■ What this task involves
In the listing below, find the line with "#45=FACE_BOUND('',#44,.T.);" and the line with "#64=EDGE_LOOP('',(#63));". Repeat those two lines and all lines between them exactly.

[Opening Given records section]

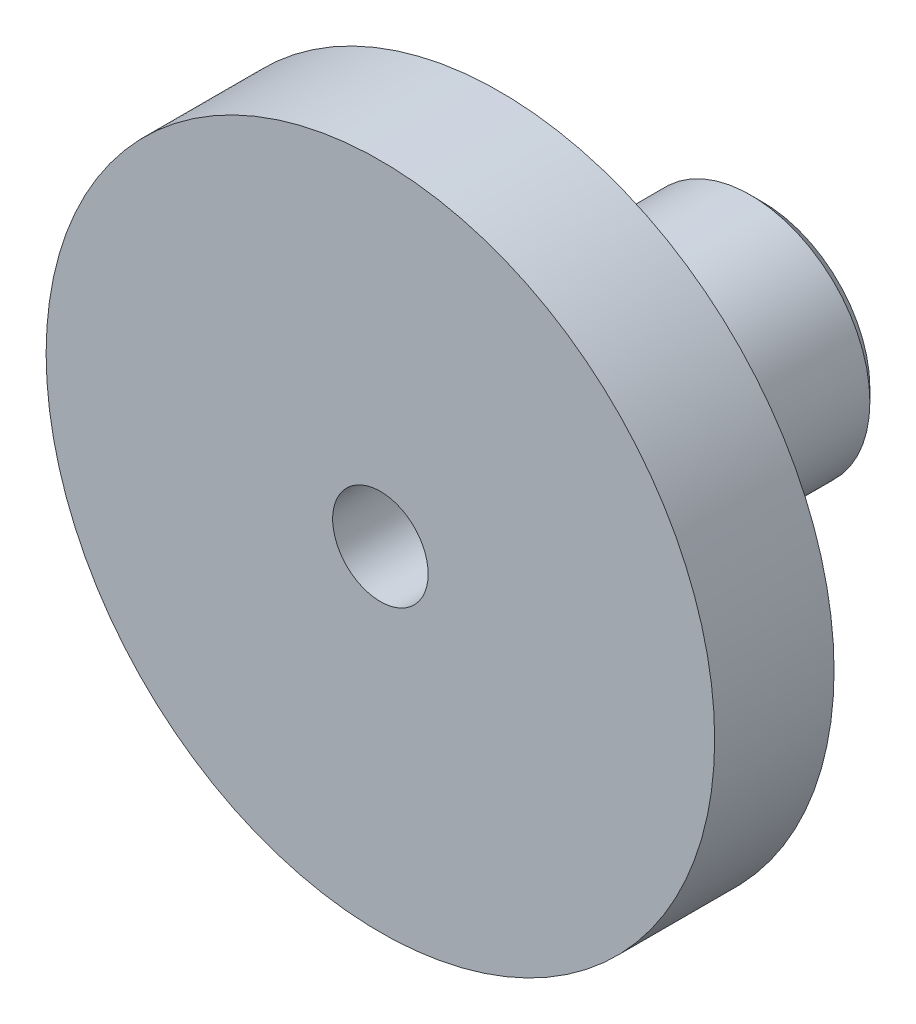
ISO-10303-21;
HEADER;
FILE_DESCRIPTION(('STEP AP214'),'2;1');
FILE_NAME('part.step','',(''),(''),'','','');
FILE_SCHEMA(('AUTOMOTIVE_DESIGN { 1 0 10303 214 1 1 1 1 }'));
ENDSEC;
DATA;
#1=APPLICATION_CONTEXT('core data for automotive mechanical design processes');
#2=APPLICATION_PROTOCOL_DEFINITION('international standard','automotive_design',2000,#1);
#3=PRODUCT_CONTEXT('',#1,'mechanical');
#4=PRODUCT('Part','Part','',(#3));
#5=PRODUCT_RELATED_PRODUCT_CATEGORY('part','',(#4));
#6=PRODUCT_DEFINITION_FORMATION('','',#4);
#7=PRODUCT_DEFINITION_CONTEXT('part definition',#1,'design');
#8=PRODUCT_DEFINITION('design','',#6,#7);
#9=PRODUCT_DEFINITION_SHAPE('','',#8);
#10=(LENGTH_UNIT() NAMED_UNIT(*) SI_UNIT(.MILLI.,.METRE.));
#11=(NAMED_UNIT(*) PLANE_ANGLE_UNIT() SI_UNIT($,.RADIAN.));
#12=(NAMED_UNIT(*) SI_UNIT($,.STERADIAN.) SOLID_ANGLE_UNIT());
#13=UNCERTAINTY_MEASURE_WITH_UNIT(LENGTH_MEASURE(1.E-05),#10,'distance_accuracy_value','');
#14=(GEOMETRIC_REPRESENTATION_CONTEXT(3) GLOBAL_UNCERTAINTY_ASSIGNED_CONTEXT((#13)) GLOBAL_UNIT_ASSIGNED_CONTEXT((#10,
#11,#12)) REPRESENTATION_CONTEXT('',''));
#15=CARTESIAN_POINT('',(0.,0.,0.));
#16=DIRECTION('',(0.,0.,1.));
#17=DIRECTION('',(1.,0.,0.));
#18=AXIS2_PLACEMENT_3D('',#15,#16,#17);
#19=CARTESIAN_POINT('',(0.,0.,-10.));
#20=DIRECTION('',(0.,0.,1.));
#21=DIRECTION('',(-1.,0.,0.));
#22=AXIS2_PLACEMENT_3D('',#19,#20,#21);
#23=CYLINDRICAL_SURFACE('',#22,28.);
#24=CARTESIAN_POINT('',(0.,0.,-10.));
#25=DIRECTION('',(0.,0.,1.));
#26=DIRECTION('',(1.,0.,0.));
#27=AXIS2_PLACEMENT_3D('',#24,#25,#26);
#28=CIRCLE('',#27,28.);
#29=CARTESIAN_POINT('',(28.,0.,-10.));
#30=VERTEX_POINT('',#29);
#31=EDGE_CURVE('E63',#30,#30,#28,.T.);
#32=ORIENTED_EDGE('',*,*,#31,.T.);
#33=EDGE_LOOP('',(#32));
#34=FACE_BOUND('',#33,.T.);
#35=CARTESIAN_POINT('',(0.,0.,0.));
#36=DIRECTION('',(0.,0.,1.));
#37=DIRECTION('',(1.,0.,0.));
#38=AXIS2_PLACEMENT_3D('',#35,#36,#37);
#39=CIRCLE('',#38,28.);
#40=CARTESIAN_POINT('',(28.,0.,0.));
#41=VERTEX_POINT('',#40);
#42=EDGE_CURVE('E64',#41,#41,#39,.T.);
#43=ORIENTED_EDGE('',*,*,#42,.F.);
#44=EDGE_LOOP('',(#43));
#45=FACE_BOUND('',#44,.T.);
#46=ADVANCED_FACE('F37',(#34,#45),#23,.T.);
#47=CARTESIAN_POINT('',(0.,0.,-10.));
#48=DIRECTION('',(0.,0.,-1.));
#49=DIRECTION('',(1.,0.,0.));
#50=AXIS2_PLACEMENT_3D('',#47,#48,#49);
#51=PLANE('',#50);
#52=CARTESIAN_POINT('',(0.,0.,-10.));
#53=DIRECTION('',(0.,0.,1.));
#54=DIRECTION('',(1.,0.,0.));
#55=AXIS2_PLACEMENT_3D('',#52,#53,#54);
#56=CIRCLE('',#55,11.);
#57=CARTESIAN_POINT('',(11.,0.,-10.));
#58=VERTEX_POINT('',#57);
#59=EDGE_CURVE('E10',#58,#58,#56,.F.);
#60=ORIENTED_EDGE('',*,*,#59,.F.);
#61=EDGE_LOOP('',(#60));
#62=FACE_BOUND('',#61,.T.);
#63=ORIENTED_EDGE('',*,*,#31,.F.);
#64=EDGE_LOOP('',(#63));
#65=FACE_BOUND('',#64,.T.);
#66=ADVANCED_FACE('F98',(#62,#65),#51,.T.);
#67=CARTESIAN_POINT('',(0.,0.,0.));
#68=DIRECTION('',(0.,0.,-1.));
#69=DIRECTION('',(1.,0.,0.));
#70=AXIS2_PLACEMENT_3D('',#67,#68,#69);
#71=PLANE('',#70);
#72=CARTESIAN_POINT('',(0.,0.,0.));
#73=DIRECTION('',(0.,0.,1.));
#74=DIRECTION('',(1.,0.,0.));
#75=AXIS2_PLACEMENT_3D('',#72,#73,#74);
#76=CIRCLE('',#75,4.);
#77=CARTESIAN_POINT('',(4.,0.,0.));
#78=VERTEX_POINT('',#77);
#79=EDGE_CURVE('E67',#78,#78,#76,.T.);
#80=ORIENTED_EDGE('',*,*,#79,.F.);
#81=EDGE_LOOP('',(#80));
#82=FACE_BOUND('',#81,.T.);
#83=ORIENTED_EDGE('',*,*,#42,.T.);
#84=EDGE_LOOP('',(#83));
#85=FACE_BOUND('',#84,.T.);
#86=ADVANCED_FACE('F95',(#82,#85),#71,.F.);
#87=CARTESIAN_POINT('',(0.,0.,-32.));
#88=DIRECTION('',(0.,0.,1.));
#89=DIRECTION('',(-1.,0.,0.));
#90=AXIS2_PLACEMENT_3D('',#87,#88,#89);
#91=CYLINDRICAL_SURFACE('',#90,10.);
#92=CARTESIAN_POINT('',(10.,0.,-20.35));
#93=CARTESIAN_POINT('',(9.99999843258099,-0.0920114531057513,-20.3500037009853));
#94=CARTESIAN_POINT('',(9.99871684765511,-0.184073454347173,-20.3577224586854));
#95=CARTESIAN_POINT('',(9.99372775496381,-0.36561632253533,-20.3883812351379));
#96=CARTESIAN_POINT('',(9.99001800272159,-0.455094721351769,-20.4113353369588));
#97=CARTESIAN_POINT('',(9.98058875631552,-0.628817487751617,-20.4717536389359));
#98=CARTESIAN_POINT('',(9.974870893487,-0.713066038744489,-20.5092060635603));
#99=CARTESIAN_POINT('',(9.96205444853338,-0.874072236504047,-20.5975272541486));
#100=CARTESIAN_POINT('',(9.95495602786423,-0.950830757653335,-20.648394451505));
#101=CARTESIAN_POINT('',(9.9400912001718,-1.09540879372213,-20.7626087771329));
#102=CARTESIAN_POINT('',(9.93231968689365,-1.1631478788234,-20.8260570636182));
#103=CARTESIAN_POINT('',(9.91702374723339,-1.28706950777736,-20.9634147735932));
#104=CARTESIAN_POINT('',(9.90949933632427,-1.3432513290959,-21.0373248506432));
#105=CARTESIAN_POINT('',(9.89550007731641,-1.44278500045255,-21.1940593436766));
#106=CARTESIAN_POINT('',(9.88903182722124,-1.486057495709,-21.2769347943439));
#107=CARTESIAN_POINT('',(9.87794796970923,-1.55803674048926,-21.4489026252365));
#108=CARTESIAN_POINT('',(9.87333223970889,-1.58674445381558,-21.5379945936492));
#109=CARTESIAN_POINT('',(9.86652679242373,-1.62852619503012,-21.719014582001));
#110=CARTESIAN_POINT('',(9.86431555933323,-1.64173895927954,-21.8109097556787));
#111=CARTESIAN_POINT('',(9.86250435770822,-1.6525858553069,-21.9956373659234));
#112=CARTESIAN_POINT('',(9.86290420804218,-1.65022106770363,-22.0884697370306));
#113=CARTESIAN_POINT('',(9.86625034802631,-1.63009303176281,-22.2714472770567));
#114=CARTESIAN_POINT('',(9.86917088684506,-1.61248549472491,-22.3616101140273));
#115=CARTESIAN_POINT('',(9.87718903199042,-1.56261607367814,-22.5376840705334));
#116=CARTESIAN_POINT('',(9.88228671162732,-1.53035369619842,-22.6235950467882));
#117=CARTESIAN_POINT('',(9.89411264039673,-1.45193210975576,-22.7891935299244));
#118=CARTESIAN_POINT('',(9.90084846298693,-1.40570810605855,-22.8688497892407));
#119=CARTESIAN_POINT('',(9.91518643931069,-1.30072141548382,-23.0193343239077));
#120=CARTESIAN_POINT('',(9.92278866158315,-1.24195773629992,-23.0901618999123));
#121=CARTESIAN_POINT('',(9.93811607123993,-1.11271072676608,-23.2218799788826));
#122=CARTESIAN_POINT('',(9.94584163094155,-1.04209376928229,-23.2826393946299));
#123=CARTESIAN_POINT('',(9.96045987838133,-0.891597059898627,-23.3914660216062));
#124=CARTESIAN_POINT('',(9.9673525609492,-0.81171725050342,-23.4395331540471));
#125=CARTESIAN_POINT('',(9.97953794169528,-0.644840083170818,-23.5216221505343));
#126=CARTESIAN_POINT('',(9.98482933722618,-0.557837003156625,-23.555632587638));
#127=CARTESIAN_POINT('',(9.99320544362233,-0.379246930002538,-23.6085219127753));
#128=CARTESIAN_POINT('',(9.99629033536768,-0.28766031326089,-23.6274020411448));
#129=CARTESIAN_POINT('',(9.99988156603306,-0.10363298381923,-23.6493174611612));
#130=CARTESIAN_POINT('',(10.0004171933872,-0.0112142564119049,-23.6525327361215));
#131=CARTESIAN_POINT('',(9.99892971175882,0.172841505554612,-23.6435068013197));
#132=CARTESIAN_POINT('',(9.99690669920295,0.264478569441094,-23.6312661740395));
#133=CARTESIAN_POINT('',(9.99054737820398,0.443814955541701,-23.5918255972229));
#134=CARTESIAN_POINT('',(9.98622483070292,0.531534371938234,-23.5647146056917));
#135=CARTESIAN_POINT('',(9.97574921956607,0.701182959294526,-23.4963976074449));
#136=CARTESIAN_POINT('',(9.96959605484328,0.783111810188923,-23.4551908223383));
#137=CARTESIAN_POINT('',(9.95606928426947,0.939636398877187,-23.359438680501));
#138=CARTESIAN_POINT('',(9.94868555427359,1.01416235726441,-23.3047807140829));
#139=CARTESIAN_POINT('',(9.93354765732488,1.15304841333202,-23.1838328509312));
#140=CARTESIAN_POINT('',(9.92579346406183,1.2174077875821,-23.1175421271457));
#141=CARTESIAN_POINT('',(9.91069407401677,1.33479962911466,-22.9744038936717));
#142=CARTESIAN_POINT('',(9.90335382329476,1.38771058951938,-22.8974561289012));
#143=CARTESIAN_POINT('',(9.89000528724129,1.47985547415611,-22.7356589529326));
#144=CARTESIAN_POINT('',(9.88399696030452,1.51908982562642,-22.6508097886681));
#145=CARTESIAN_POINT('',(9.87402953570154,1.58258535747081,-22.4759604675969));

[Closing Given records section]

■ Response to the exercise
#45=FACE_BOUND('',#44,.T.);
#46=ADVANCED_FACE('F37',(#34,#45),#23,.T.);
#47=CARTESIAN_POINT('',(0.,0.,-10.));
#48=DIRECTION('',(0.,0.,-1.));
#49=DIRECTION('',(1.,0.,0.));
#50=AXIS2_PLACEMENT_3D('',#47,#48,#49);
#51=PLANE('',#50);
#52=CARTESIAN_POINT('',(0.,0.,-10.));
#53=DIRECTION('',(0.,0.,1.));
#54=DIRECTION('',(1.,0.,0.));
#55=AXIS2_PLACEMENT_3D('',#52,#53,#54);
#56=CIRCLE('',#55,11.);
#57=CARTESIAN_POINT('',(11.,0.,-10.));
#58=VERTEX_POINT('',#57);
#59=EDGE_CURVE('E10',#58,#58,#56,.F.);
#60=ORIENTED_EDGE('',*,*,#59,.F.);
#61=EDGE_LOOP('',(#60));
#62=FACE_BOUND('',#61,.T.);
#63=ORIENTED_EDGE('',*,*,#31,.F.);
#64=EDGE_LOOP('',(#63));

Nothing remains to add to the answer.